Proposal: treatment of SU in DDLM dictionaries

Introduction

There is some residual ambiguity around the treatment of su in our DDLm dictionaries. Currently, if _type.purpose for a data name is Measurand, the DDLm attribute dictionary states:

       Used to type an item with a numerically estimated value
       that has been recorded by measurement or derivation. This
       value must be accompanied by its standard uncertainty
       (SU) value, expressed either as:
         1) appended integers, in parentheses (), at the
            precision of the trailing digits,       or
         2) a separately defined item with the same name as the
            measurand item but with an additional suffix '_su'.

This raises the following issues:

  1. Option (1) presupposes CIF format. DDLm should be agnostic regarding format

  2. Should the _su form of the data name be explicitly defined in the dictionary?

  3. Is it legal to provide both the _su form and the parenthetical form for a data name?

  4. Does the value of a Measurand data name for the purpose of dREL include the SU?

  5. Can the _su suffix be a requirement when the current DDLm dictionaries contain data names that do not follow this? (e.g. _refln.F_sigma).

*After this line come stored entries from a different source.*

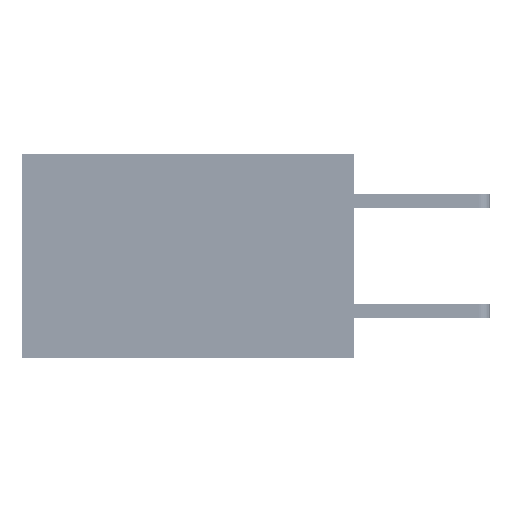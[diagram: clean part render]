
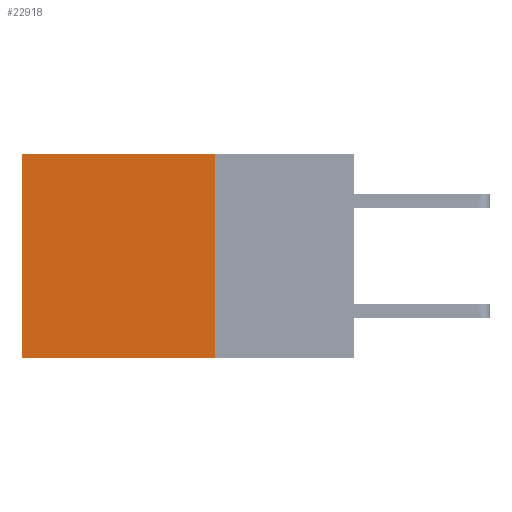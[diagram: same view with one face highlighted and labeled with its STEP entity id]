
A CAD part, left-side view. The second image highlights one B-rep face of the part: STEP entity #22918.
In plain terms, the highlighted planar face has unit normal (-1, 0, 0).
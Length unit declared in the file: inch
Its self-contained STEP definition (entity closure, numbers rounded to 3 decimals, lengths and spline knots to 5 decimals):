
#1767 = VECTOR ( 'NONE', #21073, 39.37008 ) ;
#2287 = VERTEX_POINT ( 'NONE', #46530 ) ;
#2504 = CARTESIAN_POINT ( 'NONE',  ( 0.2875, 0.6, 0. ) ) ;
#5168 = PLANE ( 'NONE',  #28228 ) ;
#5195 = LINE ( 'NONE', #44268, #1767 ) ;
#5915 = DIRECTION ( 'NONE',  ( 1., 0., 0. ) ) ;
#6363 = ORIENTED_EDGE ( 'NONE', *, *, #23171, .T. ) ;
#7543 = ORIENTED_EDGE ( 'NONE', *, *, #28439, .T. ) ;
#7754 = CARTESIAN_POINT ( 'NONE',  ( 0.2875, 0.25, 0. ) ) ;
#10419 = VERTEX_POINT ( 'NONE', #2504 ) ;
#11437 = DIRECTION ( 'NONE',  ( 0., 1., 0. ) ) ;
#13865 = DIRECTION ( 'NONE',  ( 0., 1., 0. ) ) ;
#14761 = VECTOR ( 'NONE', #13865, 39.37008 ) ;
#18818 = CARTESIAN_POINT ( 'NONE',  ( 0.2875, 0.25, 0. ) ) ;
#19521 = CARTESIAN_POINT ( 'NONE',  ( 0.2875, 0.6, -0.37 ) ) ;
#20540 = CARTESIAN_POINT ( 'NONE',  ( 0.2875, 0.25, 0. ) ) ;
#21041 = FACE_OUTER_BOUND ( 'NONE', #22159, .T. ) ;
#21073 = DIRECTION ( 'NONE',  ( 0., 0., -1. ) ) ;
#22159 = EDGE_LOOP ( 'NONE', ( #7543, #45518, #33792, #6363 ) ) ;
#22600 = EDGE_CURVE ( 'NONE', #38400, #2287, #37507, .T. ) ;
#22918 = ADVANCED_FACE ( 'NONE', ( #21041 ), #5168, .F. ) ;
#23171 = EDGE_CURVE ( 'NONE', #38400, #10419, #34877, .T. ) ;
#23288 = CARTESIAN_POINT ( 'NONE',  ( 0.2875, 0.25, 0. ) ) ;
#26338 = EDGE_CURVE ( 'NONE', #2287, #42185, #44632, .T. ) ;
#28228 = AXIS2_PLACEMENT_3D ( 'NONE', #20540, #5915, #28383 ) ;
#28383 = DIRECTION ( 'NONE',  ( 0., 0., -1. ) ) ;
#28439 = EDGE_CURVE ( 'NONE', #10419, #42185, #5195, .T. ) ;
#29773 = CARTESIAN_POINT ( 'NONE',  ( 0.2875, 0.25, -0.37 ) ) ;
#33792 = ORIENTED_EDGE ( 'NONE', *, *, #22600, .F. ) ;
#33903 = VECTOR ( 'NONE', #11437, 39.37008 ) ;
#34198 = DIRECTION ( 'NONE',  ( 0., 0., -1. ) ) ;
#34877 = LINE ( 'NONE', #23288, #33903 ) ;
#37507 = LINE ( 'NONE', #18818, #44336 ) ;
#38400 = VERTEX_POINT ( 'NONE', #7754 ) ;
#42185 = VERTEX_POINT ( 'NONE', #19521 ) ;
#44268 = CARTESIAN_POINT ( 'NONE',  ( 0.2875, 0.6, 0. ) ) ;
#44336 = VECTOR ( 'NONE', #34198, 39.37008 ) ;
#44632 = LINE ( 'NONE', #29773, #14761 ) ;
#45518 = ORIENTED_EDGE ( 'NONE', *, *, #26338, .F. ) ;
#46530 = CARTESIAN_POINT ( 'NONE',  ( 0.2875, 0.25, -0.37 ) ) ;
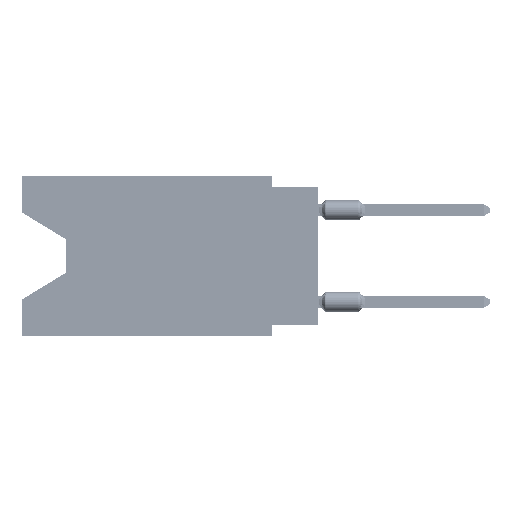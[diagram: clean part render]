
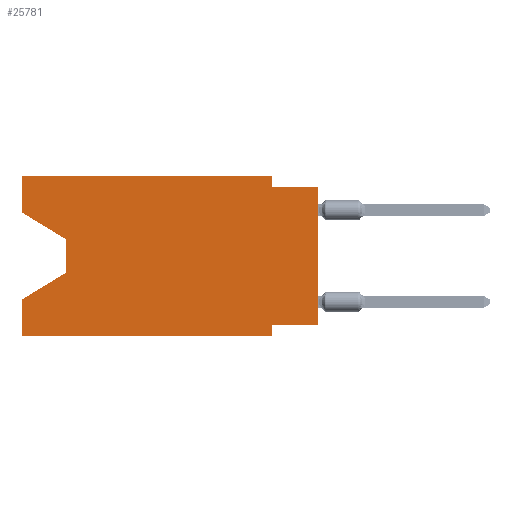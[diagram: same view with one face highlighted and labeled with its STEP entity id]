
A CAD part, left-side view. The second image highlights one B-rep face of the part: STEP entity #25781.
In plain terms, the highlighted planar face has unit normal (-1, 0, 0).
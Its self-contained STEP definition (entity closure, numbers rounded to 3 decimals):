
#391 = EDGE_CURVE ( 'NONE', #41614, #93474, #2387, .T. ) ;
#1548 = CARTESIAN_POINT ( 'NONE',  ( 0., 2.54, -8.89 ) ) ;
#1942 = ORIENTED_EDGE ( 'NONE', *, *, #17613, .F. ) ;
#2387 = LINE ( 'NONE', #32777, #59878 ) ;
#2651 = LINE ( 'NONE', #18325, #88534 ) ;
#3135 = DIRECTION ( 'NONE',  ( 0., 0., 1. ) ) ;
#3505 = ORIENTED_EDGE ( 'NONE', *, *, #16298, .F. ) ;
#3927 = DIRECTION ( 'NONE',  ( 0., 0., 1. ) ) ;
#7530 = VECTOR ( 'NONE', #3927, 1000. ) ;
#8821 = LINE ( 'NONE', #80115, #38455 ) ;
#9614 = CARTESIAN_POINT ( 'NONE',  ( 0., 0., 0. ) ) ;
#10577 = LINE ( 'NONE', #9614, #56888 ) ;
#11841 = CARTESIAN_POINT ( 'NONE',  ( 0., 0., -8.255 ) ) ;
#14934 = DIRECTION ( 'NONE',  ( 0., 0.855, -0.519 ) ) ;
#15527 = CARTESIAN_POINT ( 'NONE',  ( 0., 16.383, 0. ) ) ;
#16011 = ORIENTED_EDGE ( 'NONE', *, *, #35217, .T. ) ;
#16298 = EDGE_CURVE ( 'NONE', #48443, #64734, #2651, .T. ) ;
#17578 = LINE ( 'NONE', #71961, #46120 ) ;
#17613 = EDGE_CURVE ( 'NONE', #46859, #93474, #40691, .T. ) ;
#18325 = CARTESIAN_POINT ( 'NONE',  ( 0., 16.383, 0. ) ) ;
#20162 = EDGE_CURVE ( 'NONE', #64734, #42173, #58773, .T. ) ;
#20576 = ORIENTED_EDGE ( 'NONE', *, *, #71696, .F. ) ;
#20706 = ORIENTED_EDGE ( 'NONE', *, *, #40376, .F. ) ;
#21245 = VECTOR ( 'NONE', #45678, 1000. ) ;
#22520 = VERTEX_POINT ( 'NONE', #91815 ) ;
#23811 = CARTESIAN_POINT ( 'NONE',  ( 0., 0., -8.255 ) ) ;
#24053 = DIRECTION ( 'NONE',  ( 0., -1., 0. ) ) ;
#24086 = DIRECTION ( 'NONE',  ( 0., 0., -1. ) ) ;
#24695 = VECTOR ( 'NONE', #33554, 1000. ) ;
#25175 = DIRECTION ( 'NONE',  ( 0., -1., 0. ) ) ;
#25781 = ADVANCED_FACE ( 'NONE', ( #85965 ), #63184, .F. ) ;
#26593 = CARTESIAN_POINT ( 'NONE',  ( 0., 16.383, 0. ) ) ;
#27969 = CARTESIAN_POINT ( 'NONE',  ( 0., 16.383, 0. ) ) ;
#28481 = DIRECTION ( 'NONE',  ( 1., 0., 0. ) ) ;
#29306 = VERTEX_POINT ( 'NONE', #34808 ) ;
#31214 = CARTESIAN_POINT ( 'NONE',  ( 0., 16.383, -2.038 ) ) ;
#32765 = CARTESIAN_POINT ( 'NONE',  ( 0., 16.383, -2.038 ) ) ;
#32777 = CARTESIAN_POINT ( 'NONE',  ( 0., 16.383, -8.89 ) ) ;
#33409 = CARTESIAN_POINT ( 'NONE',  ( 0., 16.383, 0. ) ) ;
#33554 = DIRECTION ( 'NONE',  ( 0., 0., -1. ) ) ;
#34808 = CARTESIAN_POINT ( 'NONE',  ( 0., 13.97, -3.505 ) ) ;
#34832 = CARTESIAN_POINT ( 'NONE',  ( 0., 16.383, -8.89 ) ) ;
#35217 = EDGE_CURVE ( 'NONE', #50038, #91220, #10577, .T. ) ;
#38455 = VECTOR ( 'NONE', #44453, 1000. ) ;
#39491 = LINE ( 'NONE', #23811, #21245 ) ;
#40376 = EDGE_CURVE ( 'NONE', #41614, #22520, #85166, .T. ) ;
#40691 = LINE ( 'NONE', #84374, #24695 ) ;
#41508 = ORIENTED_EDGE ( 'NONE', *, *, #42541, .F. ) ;
#41614 = VERTEX_POINT ( 'NONE', #34832 ) ;
#42173 = VERTEX_POINT ( 'NONE', #74159 ) ;
#42541 = EDGE_CURVE ( 'NONE', #50629, #91220, #73569, .T. ) ;
#43380 = ORIENTED_EDGE ( 'NONE', *, *, #63192, .F. ) ;
#44453 = DIRECTION ( 'NONE',  ( 0., 0., -1. ) ) ;
#45678 = DIRECTION ( 'NONE',  ( 0., 1., 0. ) ) ;
#45927 = CARTESIAN_POINT ( 'NONE',  ( 0., 2.54, 0. ) ) ;
#46120 = VECTOR ( 'NONE', #14934, 1000. ) ;
#46275 = CARTESIAN_POINT ( 'NONE',  ( 0., 13.97, -5.385 ) ) ;
#46332 = VECTOR ( 'NONE', #24053, 1000. ) ;
#46859 = VERTEX_POINT ( 'NONE', #78474 ) ;
#48443 = VERTEX_POINT ( 'NONE', #32765 ) ;
#49518 = EDGE_CURVE ( 'NONE', #67269, #22520, #17578, .T. ) ;
#49702 = EDGE_CURVE ( 'NONE', #48443, #29306, #90121, .T. ) ;
#50038 = VERTEX_POINT ( 'NONE', #11841 ) ;
#50629 = VERTEX_POINT ( 'NONE', #85802 ) ;
#50749 = ORIENTED_EDGE ( 'NONE', *, *, #49702, .T. ) ;
#55253 = ORIENTED_EDGE ( 'NONE', *, *, #60910, .T. ) ;
#56888 = VECTOR ( 'NONE', #61387, 1000. ) ;
#57702 = VECTOR ( 'NONE', #89210, 1000. ) ;
#58326 = AXIS2_PLACEMENT_3D ( 'NONE', #26593, #28481, #93097 ) ;
#58773 = LINE ( 'NONE', #15527, #46332 ) ;
#59731 = DIRECTION ( 'NONE',  ( 0., -0.855, -0.519 ) ) ;
#59878 = VECTOR ( 'NONE', #25175, 1000. ) ;
#60910 = EDGE_CURVE ( 'NONE', #29306, #67269, #8821, .T. ) ;
#61012 = ORIENTED_EDGE ( 'NONE', *, *, #391, .T. ) ;
#61387 = DIRECTION ( 'NONE',  ( 0., 0., 1. ) ) ;
#63184 = PLANE ( 'NONE',  #58326 ) ;
#63192 = EDGE_CURVE ( 'NONE', #42173, #50629, #88702, .T. ) ;
#64734 = VERTEX_POINT ( 'NONE', #27969 ) ;
#65879 = VECTOR ( 'NONE', #59731, 1000. ) ;
#66903 = CARTESIAN_POINT ( 'NONE',  ( 0., 0., -0.635 ) ) ;
#67269 = VERTEX_POINT ( 'NONE', #46275 ) ;
#68362 = EDGE_LOOP ( 'NONE', ( #50749, #55253, #90573, #20706, #61012, #1942, #20576, #16011, #41508, #43380, #81747, #3505 ) ) ;
#69817 = CARTESIAN_POINT ( 'NONE',  ( 0., 0., -0.635 ) ) ;
#71696 = EDGE_CURVE ( 'NONE', #50038, #46859, #39491, .T. ) ;
#71961 = CARTESIAN_POINT ( 'NONE',  ( 0., 13.97, -5.385 ) ) ;
#73485 = VECTOR ( 'NONE', #24086, 1000. ) ;
#73569 = LINE ( 'NONE', #66903, #57702 ) ;
#74159 = CARTESIAN_POINT ( 'NONE',  ( 0., 2.54, 0. ) ) ;
#78474 = CARTESIAN_POINT ( 'NONE',  ( 0., 2.54, -8.255 ) ) ;
#80115 = CARTESIAN_POINT ( 'NONE',  ( 0., 13.97, -3.505 ) ) ;
#81747 = ORIENTED_EDGE ( 'NONE', *, *, #20162, .F. ) ;
#84374 = CARTESIAN_POINT ( 'NONE',  ( 0., 2.54, -8.89 ) ) ;
#85166 = LINE ( 'NONE', #33409, #7530 ) ;
#85802 = CARTESIAN_POINT ( 'NONE',  ( 0., 2.54, -0.635 ) ) ;
#85965 = FACE_OUTER_BOUND ( 'NONE', #68362, .T. ) ;
#88534 = VECTOR ( 'NONE', #3135, 1000. ) ;
#88702 = LINE ( 'NONE', #45927, #73485 ) ;
#89210 = DIRECTION ( 'NONE',  ( 0., -1., 0. ) ) ;
#90121 = LINE ( 'NONE', #31214, #65879 ) ;
#90573 = ORIENTED_EDGE ( 'NONE', *, *, #49518, .T. ) ;
#91220 = VERTEX_POINT ( 'NONE', #69817 ) ;
#91815 = CARTESIAN_POINT ( 'NONE',  ( 0., 16.383, -6.852 ) ) ;
#93097 = DIRECTION ( 'NONE',  ( 0., 0., -1. ) ) ;
#93474 = VERTEX_POINT ( 'NONE', #1548 ) ;
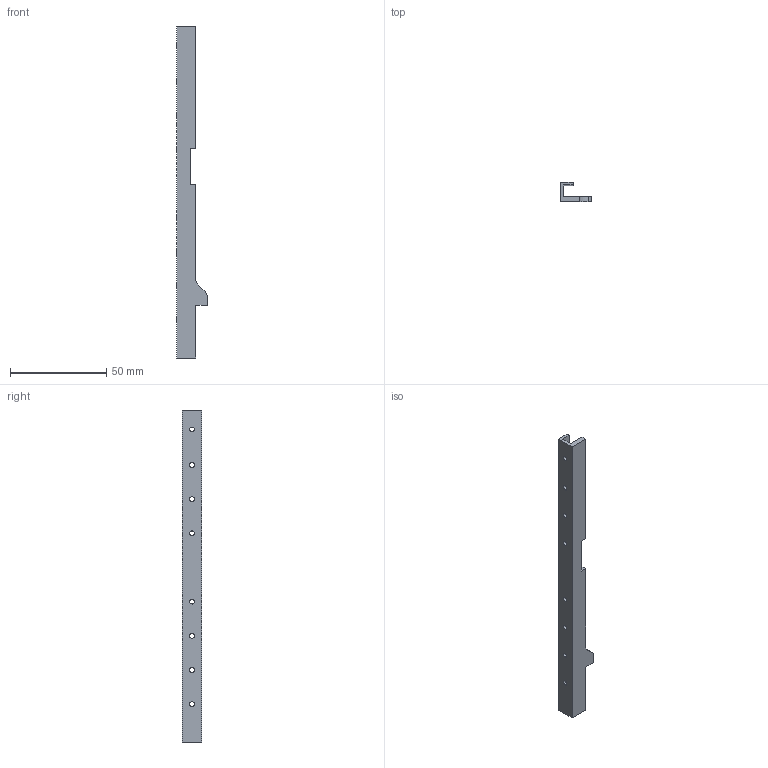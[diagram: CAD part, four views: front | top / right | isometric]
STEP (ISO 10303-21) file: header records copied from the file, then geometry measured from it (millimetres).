
FILE_DESCRIPTION(/* description */ (''),/* implementation_level */ '2;1');
FILE_NAME(/* name */ 'Plastikov Left Rail Milled Spec v3.0.stp',/* time_stamp */ '2021-10-04T20:44:11-05:00',/* author */ ('johne'),/* organization */ (''),/* preprocessor_version */ 'ST-DEVELOPER v18.1',/* originating_system */ 'Autodesk Inventor 2020',/* authorisation */ '');
FILE_SCHEMA (('AUTOMOTIVE_DESIGN { 1 0 10303 214 3 1 1 }'));
Length unit declared in the file: inch
Products named in the file (1): Plastikov Left Rail Milled Spec v2.1
Bounding box: 15.75 x 10 x 172.77 mm (x, y, z)
Volume: 7608.9 mm3; surface area: 8681.8 mm2
Topology: 1 solids, 1 shells, 27 faces, 83 edges, 58 vertices
Faces by surface type: plane 17, cylinder 10
Full cylindrical faces by diameter (mm): 2.5 x8
Entity records: 1024 total; most frequent: CARTESIAN_POINT 169, DIRECTION 167, ORIENTED_EDGE 166, EDGE_CURVE 83, VERTEX_POINT 58, AXIS2_PLACEMENT_3D 56, LINE 55, VECTOR 55

The following proposal aims to clarify these questions.

Proposal

  1. That all Measurand data names have a corresponding data name for their SU explicitly defined;

  2. That the convention for IUCr dictionaries is that this data name is formed by adding _su to the original data name;

  3. That the parenthetical form of presentation of the su value for CIF syntax is understood as a shorthand assignment of this su value to the associated SU dataname;

  4. That the definition for Measurand is therefore rewritten as:

       Used to type an item with a numerically estimated value
       that has been recorded by measurement or derivation. A 
       data name definition for the standard uncertainty (SU) 
       of this item must be provided in a separate definition
       with `_type.purpose` of `SU`.

The above questions are then answered as follows:

  1. The new definition is format-agnostic

  2. Yes, _su forms should be defined in the dictionary. Using _su as a suffix is purely an IUCr convention which is not always followed (e.g. _refln.F_sigma) and therefore not appropriate for the DDLm attribute dictionary to specify.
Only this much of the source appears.